Items from a data source:
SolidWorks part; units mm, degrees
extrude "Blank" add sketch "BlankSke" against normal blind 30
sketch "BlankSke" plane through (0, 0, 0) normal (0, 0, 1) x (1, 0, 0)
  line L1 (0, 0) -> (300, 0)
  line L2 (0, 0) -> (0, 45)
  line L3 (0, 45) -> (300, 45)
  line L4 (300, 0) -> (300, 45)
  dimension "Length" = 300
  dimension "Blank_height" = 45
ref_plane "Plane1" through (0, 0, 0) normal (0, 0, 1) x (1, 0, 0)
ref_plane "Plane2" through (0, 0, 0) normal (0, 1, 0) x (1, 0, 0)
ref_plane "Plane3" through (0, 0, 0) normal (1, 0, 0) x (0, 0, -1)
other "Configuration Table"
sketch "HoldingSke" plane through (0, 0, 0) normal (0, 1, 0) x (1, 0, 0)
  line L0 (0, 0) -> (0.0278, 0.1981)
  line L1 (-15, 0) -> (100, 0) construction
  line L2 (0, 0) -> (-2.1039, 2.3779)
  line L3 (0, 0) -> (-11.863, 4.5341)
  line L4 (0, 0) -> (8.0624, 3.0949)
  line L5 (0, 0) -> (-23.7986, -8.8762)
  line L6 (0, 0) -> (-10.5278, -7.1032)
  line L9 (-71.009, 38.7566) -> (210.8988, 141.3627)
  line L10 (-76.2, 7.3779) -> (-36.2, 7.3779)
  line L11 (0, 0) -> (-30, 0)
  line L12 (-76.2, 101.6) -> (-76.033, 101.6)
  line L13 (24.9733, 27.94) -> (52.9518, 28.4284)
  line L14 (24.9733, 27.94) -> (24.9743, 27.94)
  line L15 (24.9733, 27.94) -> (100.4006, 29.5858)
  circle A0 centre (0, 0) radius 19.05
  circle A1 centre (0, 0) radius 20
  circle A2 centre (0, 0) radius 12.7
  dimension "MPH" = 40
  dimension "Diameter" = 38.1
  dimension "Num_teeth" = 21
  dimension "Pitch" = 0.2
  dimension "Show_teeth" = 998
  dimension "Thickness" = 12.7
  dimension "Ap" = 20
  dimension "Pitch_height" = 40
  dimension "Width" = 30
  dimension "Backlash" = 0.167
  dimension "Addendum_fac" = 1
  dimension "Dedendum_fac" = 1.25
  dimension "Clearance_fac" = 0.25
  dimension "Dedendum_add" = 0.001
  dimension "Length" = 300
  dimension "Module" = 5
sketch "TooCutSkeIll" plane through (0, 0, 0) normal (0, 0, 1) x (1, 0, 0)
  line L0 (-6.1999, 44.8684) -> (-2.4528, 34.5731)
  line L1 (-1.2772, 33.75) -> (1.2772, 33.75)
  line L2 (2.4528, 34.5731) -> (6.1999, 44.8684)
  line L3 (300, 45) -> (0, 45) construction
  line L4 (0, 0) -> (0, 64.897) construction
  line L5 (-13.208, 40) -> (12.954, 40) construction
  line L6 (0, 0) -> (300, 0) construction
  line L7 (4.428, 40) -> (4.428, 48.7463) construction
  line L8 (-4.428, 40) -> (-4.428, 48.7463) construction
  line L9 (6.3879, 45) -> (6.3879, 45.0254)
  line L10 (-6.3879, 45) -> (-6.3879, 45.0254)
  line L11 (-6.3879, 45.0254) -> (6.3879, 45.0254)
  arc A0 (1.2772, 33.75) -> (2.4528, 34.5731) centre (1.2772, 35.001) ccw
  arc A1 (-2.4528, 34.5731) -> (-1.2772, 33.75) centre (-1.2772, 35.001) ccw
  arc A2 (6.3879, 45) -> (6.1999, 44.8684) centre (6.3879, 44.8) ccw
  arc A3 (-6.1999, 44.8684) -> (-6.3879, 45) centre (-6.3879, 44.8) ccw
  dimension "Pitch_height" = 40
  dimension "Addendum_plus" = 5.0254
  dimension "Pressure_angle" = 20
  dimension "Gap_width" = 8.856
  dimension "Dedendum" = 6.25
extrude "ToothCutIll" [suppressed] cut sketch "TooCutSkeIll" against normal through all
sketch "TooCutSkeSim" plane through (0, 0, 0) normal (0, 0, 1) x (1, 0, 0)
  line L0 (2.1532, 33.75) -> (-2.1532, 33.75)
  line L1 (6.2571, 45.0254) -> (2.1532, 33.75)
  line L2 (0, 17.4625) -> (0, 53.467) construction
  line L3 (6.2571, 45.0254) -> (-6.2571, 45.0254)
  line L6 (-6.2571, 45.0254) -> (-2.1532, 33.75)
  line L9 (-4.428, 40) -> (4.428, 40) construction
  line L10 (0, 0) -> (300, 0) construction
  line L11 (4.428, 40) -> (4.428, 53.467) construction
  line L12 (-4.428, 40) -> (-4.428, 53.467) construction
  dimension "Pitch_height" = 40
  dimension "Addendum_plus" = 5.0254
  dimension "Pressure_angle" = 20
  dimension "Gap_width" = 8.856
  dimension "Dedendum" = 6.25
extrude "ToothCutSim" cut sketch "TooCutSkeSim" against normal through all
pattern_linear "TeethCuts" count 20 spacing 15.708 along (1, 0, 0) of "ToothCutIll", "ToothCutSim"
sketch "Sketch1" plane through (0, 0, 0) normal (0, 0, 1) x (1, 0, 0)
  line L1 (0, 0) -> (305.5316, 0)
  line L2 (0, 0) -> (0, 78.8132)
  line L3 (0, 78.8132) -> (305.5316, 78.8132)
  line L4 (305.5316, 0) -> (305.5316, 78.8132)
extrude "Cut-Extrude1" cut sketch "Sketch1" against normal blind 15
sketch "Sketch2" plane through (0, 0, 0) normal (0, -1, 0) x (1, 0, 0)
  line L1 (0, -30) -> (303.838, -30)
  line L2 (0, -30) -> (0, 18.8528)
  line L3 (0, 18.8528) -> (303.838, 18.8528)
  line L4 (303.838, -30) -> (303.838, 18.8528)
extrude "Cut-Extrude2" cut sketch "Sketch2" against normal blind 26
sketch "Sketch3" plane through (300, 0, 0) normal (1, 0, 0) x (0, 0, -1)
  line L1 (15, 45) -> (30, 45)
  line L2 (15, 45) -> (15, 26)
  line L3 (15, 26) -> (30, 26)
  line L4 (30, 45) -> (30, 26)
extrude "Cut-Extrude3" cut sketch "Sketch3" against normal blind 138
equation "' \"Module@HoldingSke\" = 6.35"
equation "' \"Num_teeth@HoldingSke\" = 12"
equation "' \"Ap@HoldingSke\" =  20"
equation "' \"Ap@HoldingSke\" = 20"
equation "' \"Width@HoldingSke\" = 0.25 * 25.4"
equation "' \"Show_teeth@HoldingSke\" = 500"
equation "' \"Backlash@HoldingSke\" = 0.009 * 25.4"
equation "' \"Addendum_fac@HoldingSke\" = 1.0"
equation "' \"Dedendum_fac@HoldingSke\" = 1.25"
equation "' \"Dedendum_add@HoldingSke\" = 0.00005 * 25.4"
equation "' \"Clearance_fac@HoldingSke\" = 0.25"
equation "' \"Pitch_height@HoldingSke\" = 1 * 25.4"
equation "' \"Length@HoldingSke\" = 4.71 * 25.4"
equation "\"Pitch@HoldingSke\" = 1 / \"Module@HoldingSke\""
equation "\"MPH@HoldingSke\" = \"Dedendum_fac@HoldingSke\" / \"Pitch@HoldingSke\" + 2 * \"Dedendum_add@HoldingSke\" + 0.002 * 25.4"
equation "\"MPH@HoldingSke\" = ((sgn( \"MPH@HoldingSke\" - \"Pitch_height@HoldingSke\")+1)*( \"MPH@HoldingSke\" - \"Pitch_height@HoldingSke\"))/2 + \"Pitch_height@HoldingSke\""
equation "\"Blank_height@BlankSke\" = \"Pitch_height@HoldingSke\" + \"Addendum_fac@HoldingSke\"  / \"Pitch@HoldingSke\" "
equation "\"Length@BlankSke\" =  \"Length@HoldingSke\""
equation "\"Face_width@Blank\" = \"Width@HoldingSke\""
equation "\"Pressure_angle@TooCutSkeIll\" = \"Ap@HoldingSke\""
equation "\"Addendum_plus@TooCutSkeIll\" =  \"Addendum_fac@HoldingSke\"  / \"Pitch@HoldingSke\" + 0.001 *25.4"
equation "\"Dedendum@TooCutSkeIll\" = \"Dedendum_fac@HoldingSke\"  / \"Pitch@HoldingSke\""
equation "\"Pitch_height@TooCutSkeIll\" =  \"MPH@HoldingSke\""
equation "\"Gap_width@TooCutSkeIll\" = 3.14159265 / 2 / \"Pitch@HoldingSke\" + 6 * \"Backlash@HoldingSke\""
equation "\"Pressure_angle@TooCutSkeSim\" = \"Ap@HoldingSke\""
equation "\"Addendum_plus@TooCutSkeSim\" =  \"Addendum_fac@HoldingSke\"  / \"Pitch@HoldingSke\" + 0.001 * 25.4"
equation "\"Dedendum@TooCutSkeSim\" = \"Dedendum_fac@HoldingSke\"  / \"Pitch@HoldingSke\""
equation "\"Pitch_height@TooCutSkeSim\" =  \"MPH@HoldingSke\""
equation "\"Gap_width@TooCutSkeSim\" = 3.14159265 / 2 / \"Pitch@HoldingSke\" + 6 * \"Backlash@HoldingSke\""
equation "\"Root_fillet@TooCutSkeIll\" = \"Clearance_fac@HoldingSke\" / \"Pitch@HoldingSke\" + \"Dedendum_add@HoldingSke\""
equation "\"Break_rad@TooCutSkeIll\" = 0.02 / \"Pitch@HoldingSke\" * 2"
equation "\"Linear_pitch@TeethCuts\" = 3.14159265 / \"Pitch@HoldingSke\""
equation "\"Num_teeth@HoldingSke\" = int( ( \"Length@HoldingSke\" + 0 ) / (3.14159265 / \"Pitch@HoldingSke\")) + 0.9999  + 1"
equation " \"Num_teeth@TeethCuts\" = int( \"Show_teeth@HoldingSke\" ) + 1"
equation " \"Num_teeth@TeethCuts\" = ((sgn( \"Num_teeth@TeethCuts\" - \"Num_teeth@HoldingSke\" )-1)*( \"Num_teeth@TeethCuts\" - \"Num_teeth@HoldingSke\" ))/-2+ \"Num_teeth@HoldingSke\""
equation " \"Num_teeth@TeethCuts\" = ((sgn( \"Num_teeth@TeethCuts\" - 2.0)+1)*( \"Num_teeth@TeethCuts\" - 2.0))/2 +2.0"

§ **Problem details**:
Every line above from the line with "-1, 0) x (1, 0, 0)" to the line with "line L4 (303.838, -30)", both included, must be reproduced exactly, and no other line may appear.

§ **Answer space**:
sketch "Sketch2" plane through (0, 0, 0) normal (0, -1, 0) x (1, 0, 0)
  line L1 (0, -30) -> (303.838, -30)
  line L2 (0, -30) -> (0, 18.8528)
  line L3 (0, 18.8528) -> (303.838, 18.8528)
  line L4 (303.838, -30) -> (303.838, 18.8528)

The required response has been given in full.